Aubert A, Méduri B, Fritsch J, Aimé F, Baglin A C, Barbagelata B
Département d'Endoscopie digestive, Centre médico-chirurgical Foch, Suresnes.
Presse Med. 1992 Dec 5;21(42):2046-9.
Endoscopic snare resection prior to Nd:YAG laser photocoagulation was used to treat benign colorectal villous adenoma. One hundred and thirty four patients were included in the study: 72 with surgical contraindications, 61 for whom surgical resection appeared to be too drastic and 1 who refused surgery. Treatment sessions were repeated every fifteen days until total tumour destruction was achieved. A carcinoma was detected in biopsy specimens obtained during endoscopic treatment of seven patients. Eight patients were lost to follow up. Treatment results could be analysed in 119 patients. A successful treatment was achieved in 108 patients. Tumour destruction was complete in 85.4 percent of the cases with lesions of at least 4 cm in diameter and in 94.3 percent of the cases with smaller lesions. During the average 101 weeks follow up period, 15.7 percent of the patients with total tumour destruction had recurrence. The risk of recurrence was correlated with the number of initial treatment sessions and previous surgical treatment. It would appear that endoscopic resection prior to Nd:YAG laser photocoagulation is a safe and effective method for the destruction of colorectal villous adenomas.

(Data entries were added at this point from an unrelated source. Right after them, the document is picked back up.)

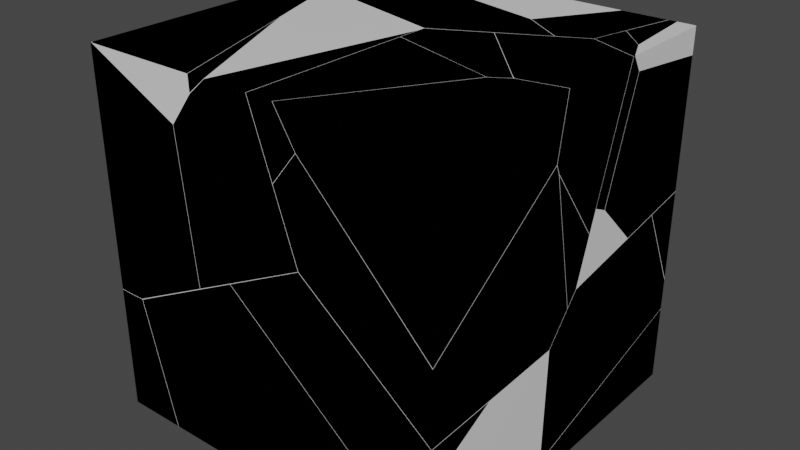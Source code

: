 # Source: shattered_cube.blend  (saved by Blender 2.93.20; exported with 4.5.12 LTS)
import bpy
from mathutils import Matrix  # noqa: F401  (used for matrix-valued properties, if any)

bpy.ops.wm.read_factory_settings(use_empty=True)
scene = bpy.context.scene
scene.name = 'Scene'

# ---- collections
col_collection = bpy.data.collections.new('Collection'); scene.collection.children.link(col_collection)

# ---- materials (node trees are filled in below, after node groups)
mat_material = bpy.data.materials.new('Material')
mat_material.alpha_threshold = 0.0
mat_material.use_transparent_shadow = False
mat_material.line_color = (0.0, 0.0, 0.0, 1.0)

# ---- material node trees
mat_material.use_nodes = True; mat_material.node_tree.nodes.clear()
_N = mat_material.node_tree.nodes; _L = mat_material.node_tree.links
n0 = _N.new('ShaderNodeOutputMaterial'); n0.name = 'Material Output'; n0.location = (300, 300)
n1 = _N.new('ShaderNodeBsdfPrincipled'); n1.name = 'Principled BSDF'; n1.location = (10, 300)
n1.distribution = 'GGX'
n1.subsurface_method = 'BURLEY'
n1.inputs[2].default_value = 0.4
n1.inputs[3].default_value = 1.45
n1.inputs[27].default_value = (0.0, 0.0, 0.0, 1.0)
n1.inputs[28].default_value = 1.0
_L.new(n1.outputs[0], n0.inputs[0])
n0.is_active_output = True

# ---- world
world_world = bpy.data.worlds.new('World'); scene.world = world_world
world_world.use_nodes = True; world_world.node_tree.nodes.clear()
_N = world_world.node_tree.nodes; _L = world_world.node_tree.links
n0 = _N.new('ShaderNodeOutputWorld'); n0.name = 'World Output'; n0.location = (300, 300)
n1 = _N.new('ShaderNodeBackground'); n1.name = 'Background'; n1.location = (10, 300)
n1.inputs[0].default_value = (0.05088, 0.05088, 0.05088, 1.0)
_L.new(n1.outputs[0], n0.inputs[0])
n0.is_active_output = True
world_world.color = (0.05088, 0.05088, 0.05088)
world_world.use_sun_shadow = False
world_world.sun_shadow_jitter_overblur = 0.0

# ---- meshes
me_cube = bpy.data.meshes.new('Cube')
me_cube.from_pydata([(1.0, 1.0, 1.0), (1.0, 1.0, -1.0), (1.0, -1.0, 1.0), (1.0, -1.0, -1.0), (-1.0, 1.0, 1.0), (-1.0, 1.0, -1.0), (-1.0, -1.0, 1.0), (-1.0, -1.0, -1.0)], [], [(0, 4, 6, 2), (3, 2, 6, 7), (7, 6, 4, 5), (5, 1, 3, 7), (1, 0, 2, 3), (5, 4, 0, 1)])
_uv = me_cube.uv_layers.new(name='UVMap')
_uv.uv.foreach_set('vector', [0.625, 0.5, 0.875, 0.5, 0.875, 0.75, 0.625, 0.75, 0.375, 0.75, 0.625, 0.75, 0.625, 1.0, 0.375, 1.0, 0.375, 0.0, 0.625, 0.0, 0.625, 0.25, 0.375, 0.25, 0.125, 0.5, 0.375, 0.5, 0.375, 0.75, 0.125, 0.75, 0.375, 0.5, 0.625, 0.5, 0.625, 0.75, 0.375, 0.75, 0.375, 0.25, 0.625, 0.25, 0.625, 0.5, 0.375, 0.5])
me_cube.materials.append(mat_material)
me_cube.use_remesh_preserve_volume = False
me_cube.use_remesh_preserve_attributes = False
me_cube.use_mirror_vertex_groups = False
me_cube.update()
me_cube_cell_014 = bpy.data.meshes.new('Cube_cell.014')
me_cube_cell_014.from_pydata([(-0.05347, 0.3852, 0.3324), (-0.0831, -0.6278, -0.3688), (-0.0831, 0.3969, 0.1889), (-0.0831, 0.384, 0.3325), (0.1169, 0.4552, -0.3688), (0.1116, 0.4549, -0.3688), (-0.0831, 0.4465, -0.3688), (-0.0831, -0.01139, 0.3315), (-0.0831, -0.6278, 0.3298), (0.07281, -0.6278, 0.3291), (0.2508, -0.6278, -0.3688), (-0.0831, 0.3969, 0.1889), (-0.0831, 0.384, 0.3325), (0.1169, 0.4552, -0.3688), (0.1116, 0.4549, -0.3688), (-0.0831, 0.4465, -0.3688), (-0.0831, -0.01139, 0.3315), (-0.0831, -0.6278, 0.3298), (0.07281, -0.6278, 0.3291), (0.2508, -0.6278, -0.3688)], [], [(12, 0, 13, 14, 11), (14, 15, 11), (0, 12, 16), (18, 0, 16, 17), (9, 8, 1, 19), (3, 2, 6, 1, 8, 7), (19, 1, 6, 5, 4), (18, 10, 13, 0)])
_k = set([(2, 3), (2, 6), (3, 7), (4, 5), (4, 19), (5, 6), (7, 8), (8, 9), (9, 19), (10, 13), (10, 18), (11, 12), (11, 15), (12, 16), (13, 14), (14, 15), (16, 17), (17, 18)])
me_cube_cell_014.attributes.new('sharp_edge', 'BOOLEAN', 'EDGE').data.foreach_set('value', [ (min(e.vertices), max(e.vertices)) in _k for e in me_cube_cell_014.edges])
_uv = me_cube_cell_014.uv_layers.new(name='UVMap')
_uv.uv.foreach_set('vector', [0.3714, 0.3714, 0.0, 0.0, 0.9335, 0.0, 1.0, 0.06651, 1.0, 0.8088, 0.06651, 0.06651, 0.8103, 0.06684, 0.8088, 0.8088, 1.0, 0.0, 1.0, 0.3714, 0.6269, 0.0, 1.0, 0.04719, 1.0, 1.0, 0.6269, 0.6269, 0.2643, 0.04699, 0.4622, 0.9805, 0.4623, 1.0, 0.375, 1.0, 0.375, 0.9583, 0.4627, 0.1265, 0.4447, 0.1281, 0.375, 0.1343, 0.375, 0.0, 0.4623, 0.0, 0.4625, 0.07706, 0.1667, 0.75, 0.125, 0.75, 0.125, 0.6157, 0.1493, 0.6147, 0.15, 0.6146, 0.04719, 0.04719, 0.9328, 0.04387, 1.0, 0.06653, 1.0, 1.0])
me_cube_cell_014.materials.append(mat_material)
me_cube_cell_014.use_remesh_fix_poles = True
me_cube_cell_014.use_remesh_preserve_attributes = False
me_cube_cell_014.update()
me_cube_cell_013_cell_005 = bpy.data.meshes.new('Cube_cell.013_cell.005')
me_cube_cell_013_cell_005.from_pydata([(-0.1888, 0.4851, 0.3454), (-0.1888, 0.5855, -0.06005), (-0.1888, 0.5879, -0.06985), (-0.02026, 0.559, -0.133), (-0.01801, 0.548, -0.09058), (0.005404, 0.4334, 0.3454), (-0.1888, -0.6474, 0.2128), (-0.1888, 0.4421, -0.3252), (-0.06091, 0.4178, -0.3773), (-0.1888, -0.9154, 0.3454), (0.3493, -0.9268, 0.08485), (-0.1774, -0.9268, 0.3454), (0.02328, 0.4021, -0.4111), (0.4806, -0.9268, 0.2579), (0.4774, -0.9268, 0.3454), (0.04199, 0.4085, -0.4012), (0.03171, 0.4006, -0.4143), (-0.1888, 0.4851, 0.3454), (-0.1888, 0.5855, -0.06005), (-0.1888, 0.5879, -0.06985), (0.4806, -0.9268, 0.2579), (0.3493, -0.9268, 0.08485), (-0.1888, -0.6474, 0.2128), (-0.1888, 0.4421, -0.3252), (-0.1888, -0.9154, 0.3454), (-0.1774, -0.9268, 0.3454), (0.005404, 0.4334, 0.3454), (0.4774, -0.9268, 0.3454)], [], [(23, 8, 22), (22, 8, 12, 21, 25, 24), (16, 15, 20, 21), (16, 21, 12), (3, 19, 1, 4), (12, 8, 23, 19, 3, 15, 16), (27, 5, 17, 9, 11), (11, 10, 13, 27), (9, 17, 18, 2, 7, 6), (4, 1, 0, 26), (15, 3, 4, 26, 14, 20)])
_k = set([(0, 1), (0, 26), (1, 19), (2, 7), (2, 18), (5, 17), (5, 27), (6, 7), (6, 9), (9, 11), (10, 11), (10, 13), (13, 27), (14, 20), (14, 26), (17, 18), (19, 23), (20, 21), (21, 25), (22, 23), (22, 24), (24, 25)])
me_cube_cell_013_cell_005.attributes.new('sharp_edge', 'BOOLEAN', 'EDGE').data.foreach_set('value', [ (min(e.vertices), max(e.vertices)) in _k for e in me_cube_cell_013_cell_005.edges])
_uv = me_cube_cell_013_cell_005.uv_layers.new(name='UVMap')
_uv.uv.foreach_set('vector', [0.7626, 0.6414, 0.1362, 0.0, 0.7959, 0.0, 0.7959, 0.7959, 0.1362, 0.1362, 0.146, 0.0, 0.9692, 0.0, 0.969, 0.8928, 0.962, 0.9074, 1.0, 0.905, 0.9102, 0.9102, 0.03271, 0.03271, 1.0, 0.03262, 0.905, 0.905, 0.03076, 0.0, 0.854, 0.0, 1.0, 0.786, 1.0, 0.9511, 0.9614, 0.9614, 0.8297, 0.8297, 0.7434, 0.4523, 0.8258, 0.5373, 0.9511, 0.6672, 0.9511, 0.9511, 0.786, 0.786, 0.7251, 0.4529, 0.7351, 0.4441, 0.7917, 0.75, 0.8507, 0.5799, 0.875, 0.5735, 0.875, 0.7486, 0.8736, 0.75, 0.625, 0.9986, 0.5924, 0.9327, 0.6141, 0.9163, 0.625, 0.9167, 0.625, 0.001422, 0.625, 0.1765, 0.5743, 0.189, 0.5731, 0.1893, 0.5412, 0.1711, 0.6084, 0.03493, 0.8297, 0.0, 0.9614, 0.0, 0.9527, 0.8401, 0.9477, 0.8562, 0.9102, 0.0, 0.9861, 0.3747, 0.9765, 0.4141, 0.8765, 0.8189, 0.8101, 0.7771, 0.03271, 0.0])
me_cube_cell_013_cell_005.materials.append(mat_material)
me_cube_cell_013_cell_005.use_remesh_fix_poles = True
me_cube_cell_013_cell_005.use_remesh_preserve_attributes = False
me_cube_cell_013_cell_005.update()
me_cube_cell_013_cell_001 = bpy.data.meshes.new('Cube_cell.013_cell.001')
me_cube_cell_013_cell_001.from_pydata([(-0.1274, 0.3522, -0.4573), (-0.1577, -0.6604, 0.8389), (-0.1577, 0.3658, -0.4319), (-0.1577, 0.1008, -0.4582), (-0.1577, 0.3511, -0.4573), (-0.004942, -0.6604, -0.4611), (-0.1577, -0.6604, -0.4605), (-0.1577, -0.6541, 0.8389), (-0.1577, -0.3767, 0.7019), (0.3802, -0.6604, 0.5761), (-0.1514, -0.6604, 0.8389), (0.001957, 0.6775, 0.1021), (0.06212, 0.6662, 0.07792), (-0.1577, 0.7072, 0.166), (0.1515, 0.4683, -0.2754), (0.1579, 0.454, -0.3005), (0.1732, 0.4, -0.3034), (0.1596, 0.4503, -0.3068), (0.4592, -0.6604, -0.2287), (-0.1577, 0.1008, -0.4582), (-0.1577, 0.3511, -0.4573), (-0.004942, -0.6604, -0.4611), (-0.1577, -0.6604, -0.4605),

在钕钇铝石榴石激光光凝治疗之前,采用内镜圈套切除术治疗良性大肠绒毛状腺瘤。134例患者纳入本研究:72例有手术禁忌证,61例患者似乎不宜进行手术切除,1例拒绝手术。每15天重复治疗一次,直至肿瘤完全破坏。7例患者在内镜治疗期间获得的活检标本中检测到癌。8例患者失访。119例患者的治疗结果可进行分析。108例患者治疗成功。直径至少4 cm的病变中,85.4%的病例肿瘤完全破坏;较小病变的病例中,94.3%肿瘤完全破坏。在平均101周的随访期内,肿瘤完全破坏的患者中有15.7%复发。复发风险与初始治疗次数和既往手术治疗有关。看来,在钕钇铝石榴石激光光凝治疗之前进行内镜切除是一种安全有效的大肠绒毛状腺瘤破坏方法。